_Your assignment_
Would you return the lines between the one holding "#80=VECTOR('',#79,1.);" and the one holding "#86=ORIENTED_EDGE('',*,*,#85,.T.);", inclusive, and only those, exactly as they stand in the listing below?

_Records provided_
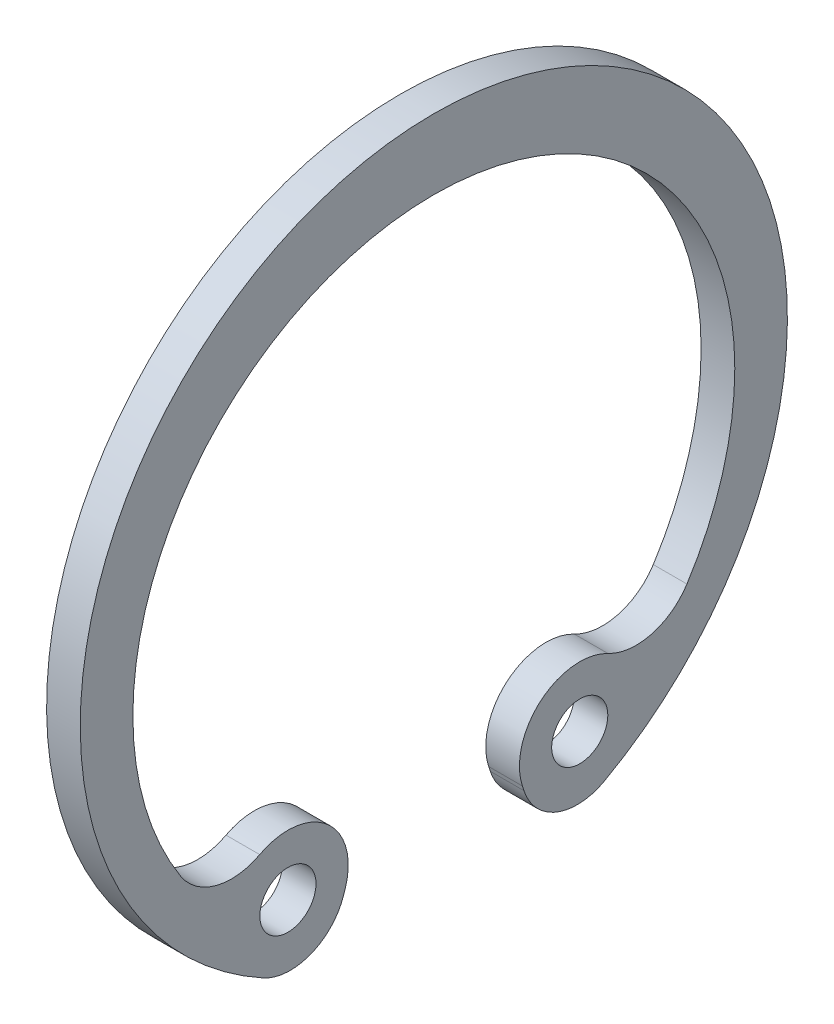
ISO-10303-21;
HEADER;
FILE_DESCRIPTION(('STEP AP214'),'2;1');
FILE_NAME('part.step','',(''),(''),'','','');
FILE_SCHEMA(('AUTOMOTIVE_DESIGN { 1 0 10303 214 1 1 1 1 }'));
ENDSEC;
DATA;
#1=APPLICATION_CONTEXT('core data for automotive mechanical design processes');
#2=APPLICATION_PROTOCOL_DEFINITION('international standard','automotive_design',2000,#1);
#3=PRODUCT_CONTEXT('',#1,'mechanical');
#4=PRODUCT('Part','Part','',(#3));
#5=PRODUCT_RELATED_PRODUCT_CATEGORY('part','',(#4));
#6=PRODUCT_DEFINITION_FORMATION('','',#4);
#7=PRODUCT_DEFINITION_CONTEXT('part definition',#1,'design');
#8=PRODUCT_DEFINITION('design','',#6,#7);
#9=PRODUCT_DEFINITION_SHAPE('','',#8);
#10=(LENGTH_UNIT() NAMED_UNIT(*) SI_UNIT(.MILLI.,.METRE.));
#11=(NAMED_UNIT(*) PLANE_ANGLE_UNIT() SI_UNIT($,.RADIAN.));
#12=(NAMED_UNIT(*) SI_UNIT($,.STERADIAN.) SOLID_ANGLE_UNIT());
#13=UNCERTAINTY_MEASURE_WITH_UNIT(LENGTH_MEASURE(1.E-05),#10,'distance_accuracy_value','');
#14=(GEOMETRIC_REPRESENTATION_CONTEXT(3) GLOBAL_UNCERTAINTY_ASSIGNED_CONTEXT((#13)) GLOBAL_UNIT_ASSIGNED_CONTEXT((#10,
#11,#12)) REPRESENTATION_CONTEXT('',''));
#15=CARTESIAN_POINT('',(0.,0.,0.));
#16=DIRECTION('',(0.,0.,1.));
#17=DIRECTION('',(1.,0.,0.));
#18=AXIS2_PLACEMENT_3D('',#15,#16,#17);
#19=CARTESIAN_POINT('',(-0.6,-9.28486852547096,-5.11382601040736));
#20=DIRECTION('',(1.,0.,0.));
#21=DIRECTION('',(0.,0.,-1.));
#22=AXIS2_PLACEMENT_3D('',#19,#20,#21);
#23=PLANE('',#22);
#24=DIRECTION('',(0.,-0.951223932313358,-0.308501265142158));
#25=VECTOR('',#24,1.);
#26=CARTESIAN_POINT('',(-0.6,-9.72763097883804,-3.15486854552626));
#27=LINE('',#26,#25);
#28=CARTESIAN_POINT('',(-0.6,-9.72763097883807,-3.15486854552627));
#29=VERTEX_POINT('',#28);
#30=CARTESIAN_POINT('',(-0.6,-9.90187105575525,-3.21137814578064));
#31=VERTEX_POINT('',#30);
#32=EDGE_CURVE('E90',#29,#31,#27,.T.);
#33=ORIENTED_EDGE('',*,*,#32,.F.);
#34=CARTESIAN_POINT('',(-0.6,-9.06435325878245,-5.2));
#35=DIRECTION('',(1.,0.,0.));
#36=DIRECTION('',(0.,0.,-1.));
#37=AXIS2_PLACEMENT_3D('',#34,#35,#36);
#38=CIRCLE('',#37,2.15);
#39=CARTESIAN_POINT('',(-0.6,-7.16418116422213,-6.20590556766242));
#40=VERTEX_POINT('',#39);
#41=EDGE_CURVE('E121',#40,#29,#38,.T.);
#42=ORIENTED_EDGE('',*,*,#41,.F.);
#43=CARTESIAN_POINT('',(-0.6,-5.26400906966182,-7.21181113532484));
#44=DIRECTION('',(1.,0.,0.));
#45=DIRECTION('',(0.,0.,-1.));
#46=AXIS2_PLACEMENT_3D('',#43,#44,#45);
#47=CIRCLE('',#46,2.15);
#48=CARTESIAN_POINT('',(-0.6,-6.42714253902309,-9.02002034126635));
#49=VERTEX_POINT('',#48);
#50=EDGE_CURVE('E124',#40,#49,#47,.T.);
#51=ORIENTED_EDGE('',*,*,#50,.T.);
#52=CARTESIAN_POINT('',(-0.6,-0.625000000000004,0.));
#53=DIRECTION('',(1.,0.,0.));
#54=DIRECTION('',(0.,0.,-1.));
#55=AXIS2_PLACEMENT_3D('',#52,#53,#54);
#56=CIRCLE('',#55,10.725);
#57=CARTESIAN_POINT('',(-0.6,-6.42714253902309,9.02002034126636));
#58=VERTEX_POINT('',#57);
#59=EDGE_CURVE('E125',#49,#58,#56,.T.);
#60=ORIENTED_EDGE('',*,*,#59,.T.);
#61=CARTESIAN_POINT('',(-0.6,-5.26400906966182,7.21181113532485));
#62=DIRECTION('',(1.,0.,0.));
#63=DIRECTION('',(0.,0.,-1.));
#64=AXIS2_PLACEMENT_3D('',#61,#62,#63);
#65=CIRCLE('',#64,2.15);
#66=CARTESIAN_POINT('',(-0.6,-7.16418117408161,6.20590558628714));
#67=VERTEX_POINT('',#66);
#68=EDGE_CURVE('E128',#58,#67,#65,.T.);
#69=ORIENTED_EDGE('',*,*,#68,.T.);
#70=CARTESIAN_POINT('',(-0.6,-9.06435325878245,5.2));
#71=DIRECTION('',(1.,0.,0.));
#72=DIRECTION('',(0.,0.,-1.));
#73=AXIS2_PLACEMENT_3D('',#70,#71,#72);
#74=CIRCLE('',#73,2.15);
#75=CARTESIAN_POINT('',(-0.6,-9.72763097883802,3.15486854552626));
#76=VERTEX_POINT('',#75);
#77=EDGE_CURVE('E134',#76,#67,#74,.T.);
#78=ORIENTED_EDGE('',*,*,#77,.F.);
#79=DIRECTION('',(0.,-0.951223932313369,0.308501265142123));
#80=VECTOR('',#79,1.);
#81=CARTESIAN_POINT('',(-0.6,-9.9018710557552,3.21137814578062));
#82=LINE('',#81,#80);
#83=CARTESIAN_POINT('',(-0.6,-9.9018710557552,3.21137814578062));
#84=VERTEX_POINT('',#83);
#85=EDGE_CURVE('E137',#76,#84,#82,.T.);
#86=ORIENTED_EDGE('',*,*,#85,.T.);
#87=CARTESIAN_POINT('',(-0.6,-9.28486852547096,5.11382601040736));
#88=DIRECTION('',(1.,0.,0.));
#89=DIRECTION('',(0.,0.,-1.));
#90=AXIS2_PLACEMENT_3D('',#87,#88,#89);
#91=CIRCLE('',#90,2.);
#92=CARTESIAN_POINT('',(-0.6,-11.0367305114089,6.07869884255969));
#93=VERTEX_POINT('',#92);
#94=EDGE_CURVE('E141',#93,#84,#91,.T.);
#95=ORIENTED_EDGE('',*,*,#94,.F.);
#96=CARTESIAN_POINT('',(-0.6,0.,0.));
#97=DIRECTION('',(1.,0.,0.));
#98=DIRECTION('',(0.,0.,-1.));
#99=AXIS2_PLACEMENT_3D('',#96,#97,#98);
#100=CIRCLE('',#99,12.6);
#101=CARTESIAN_POINT('',(-0.6,-11.0367304792593,-6.07869890093175));
#102=VERTEX_POINT('',#101);
#103=EDGE_CURVE('E102',#102,#93,#100,.T.);
#104=ORIENTED_EDGE('',*,*,#103,.F.);
#105=CARTESIAN_POINT('',(-0.6,-9.28486852547096,-5.11382601040736));
#106=DIRECTION('',(1.,0.,0.));
#107=DIRECTION('',(0.,0.,-1.));
#108=AXIS2_PLACEMENT_3D('',#105,#106,#107);
#109=CIRCLE('',#108,2.);
#110=EDGE_CURVE('E99',#31,#102,#109,.T.);
#111=ORIENTED_EDGE('',*,*,#110,.F.);
#112=EDGE_LOOP('',(#33,#42,#51,#60,#69,#78,#86,#95,#104,#111));
#113=FACE_BOUND('',#112,.T.);
#114=CARTESIAN_POINT('',(-0.6,-9.06435325878246,-5.2));
#115=DIRECTION('',(1.,0.,0.));
#116=DIRECTION('',(0.,0.,-1.));
#117=AXIS2_PLACEMENT_3D('',#114,#115,#116);
#118=CIRCLE('',#117,1.);
#119=CARTESIAN_POINT('',(-0.6,-9.06435325878246,-6.2));
#120=VERTEX_POINT('',#119);
#121=EDGE_CURVE('E105',#120,#120,#118,.T.);
#122=ORIENTED_EDGE('',*,*,#121,.T.);
#123=EDGE_LOOP('',(#122));
#124=FACE_BOUND('',#123,.T.);
#125=CARTESIAN_POINT('',(-0.6,-9.06435325878245,5.2));
#126=DIRECTION('',(1.,0.,0.));
#127=DIRECTION('',(0.,0.,-1.));
#128=AXIS2_PLACEMENT_3D('',#125,#126,#127);
#129=CIRCLE('',#128,1.);
#130=CARTESIAN_POINT('',(-0.6,-9.06435325878245,4.2));
#131=VERTEX_POINT('',#130);
#132=EDGE_CURVE('E19',#131,#131,#129,.T.);
#133=ORIENTED_EDGE('',*,*,#132,.T.);
#134=EDGE_LOOP('',(#133));
#135=FACE_BOUND('',#134,.T.);
#136=ADVANCED_FACE('F16',(#113,#124,#135),#23,.F.);
#137=CARTESIAN_POINT('',(0.6,-9.06435325878245,5.2));
#138=DIRECTION('',(1.,0.,0.));
#139=DIRECTION('',(0.,0.,-1.));
#140=AXIS2_PLACEMENT_3D('',#137,#138,#139);
#141=CYLINDRICAL_SURFACE('',#140,1.);
#142=ORIENTED_EDGE('',*,*,#132,.F.);
#143=EDGE_LOOP('',(#142));
#144=FACE_BOUND('',#143,.T.);
#145=CARTESIAN_POINT('',(0.6,-9.06435325878245,5.2));
#146=DIRECTION('',(1.,0.,0.));
#147=DIRECTION('',(0.,0.,-1.));
#148=AXIS2_PLACEMENT_3D('',#145,#146,#147);
#149=CIRCLE('',#148,1.);
#150=CARTESIAN_POINT('',(0.6,-9.06435325878245,4.2));
#151=VERTEX_POINT('',#150);
#152=EDGE_CURVE('E110',#151,#151,#149,.F.);
#153=ORIENTED_EDGE('',*,*,#152,.F.);
#154=EDGE_LOOP('',(#153));
#155=FACE_BOUND('',#154,.T.);
#156=ADVANCED_FACE('F185',(#144,#155),#141,.F.);
#157=CARTESIAN_POINT('',(0.6,-9.06435325878246,-5.2));
#158=DIRECTION('',(1.,0.,0.));
#159=DIRECTION('',(0.,0.,-1.));
#160=AXIS2_PLACEMENT_3D('',#157,#158,#159);
#161=CYLINDRICAL_SURFACE('',#160,1.);
#162=ORIENTED_EDGE('',*,*,#121,.F.);
#163=EDGE_LOOP('',(#162));
#164=FACE_BOUND('',#163,.T.);
#165=CARTESIAN_POINT('',(0.6,-9.06435325878246,-5.2));
#166=DIRECTION('',(1.,0.,0.));
#167=DIRECTION('',(0.,0.,-1.));
#168=AXIS2_PLACEMENT_3D('',#165,#166,#167);
#169=CIRCLE('',#168,1.);
#170=CARTESIAN_POINT('',(0.6,-9.06435325878246,-6.2));
#171=VERTEX_POINT('',#170);
#172=EDGE_CURVE('E113',#171,#171,#169,.F.);
#173=ORIENTED_EDGE('',*,*,#172,.F.);
#174=EDGE_LOOP('',(#173));
#175=FACE_BOUND('',#174,.T.);
#176=ADVANCED_FACE('F188',(#164,#175),#161,.F.);
#177=CARTESIAN_POINT('',(0.6,-9.28486852547096,-5.11382601040736));
#178=DIRECTION('',(1.,0.,0.));
#179=DIRECTION('',(0.,0.,-1.));
#180=AXIS2_PLACEMENT_3D('',#177,#178,#179);
#181=CYLINDRICAL_SURFACE('',#180,2.);
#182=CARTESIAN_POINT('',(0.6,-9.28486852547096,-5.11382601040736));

_Solution for this task_
#80=VECTOR('',#79,1.);
#81=CARTESIAN_POINT('',(-0.6,-9.9018710557552,3.21137814578062));
#82=LINE('',#81,#80);
#83=CARTESIAN_POINT('',(-0.6,-9.9018710557552,3.21137814578062));
#84=VERTEX_POINT('',#83);
#85=EDGE_CURVE('E137',#76,#84,#82,.T.);
#86=ORIENTED_EDGE('',*,*,#85,.T.);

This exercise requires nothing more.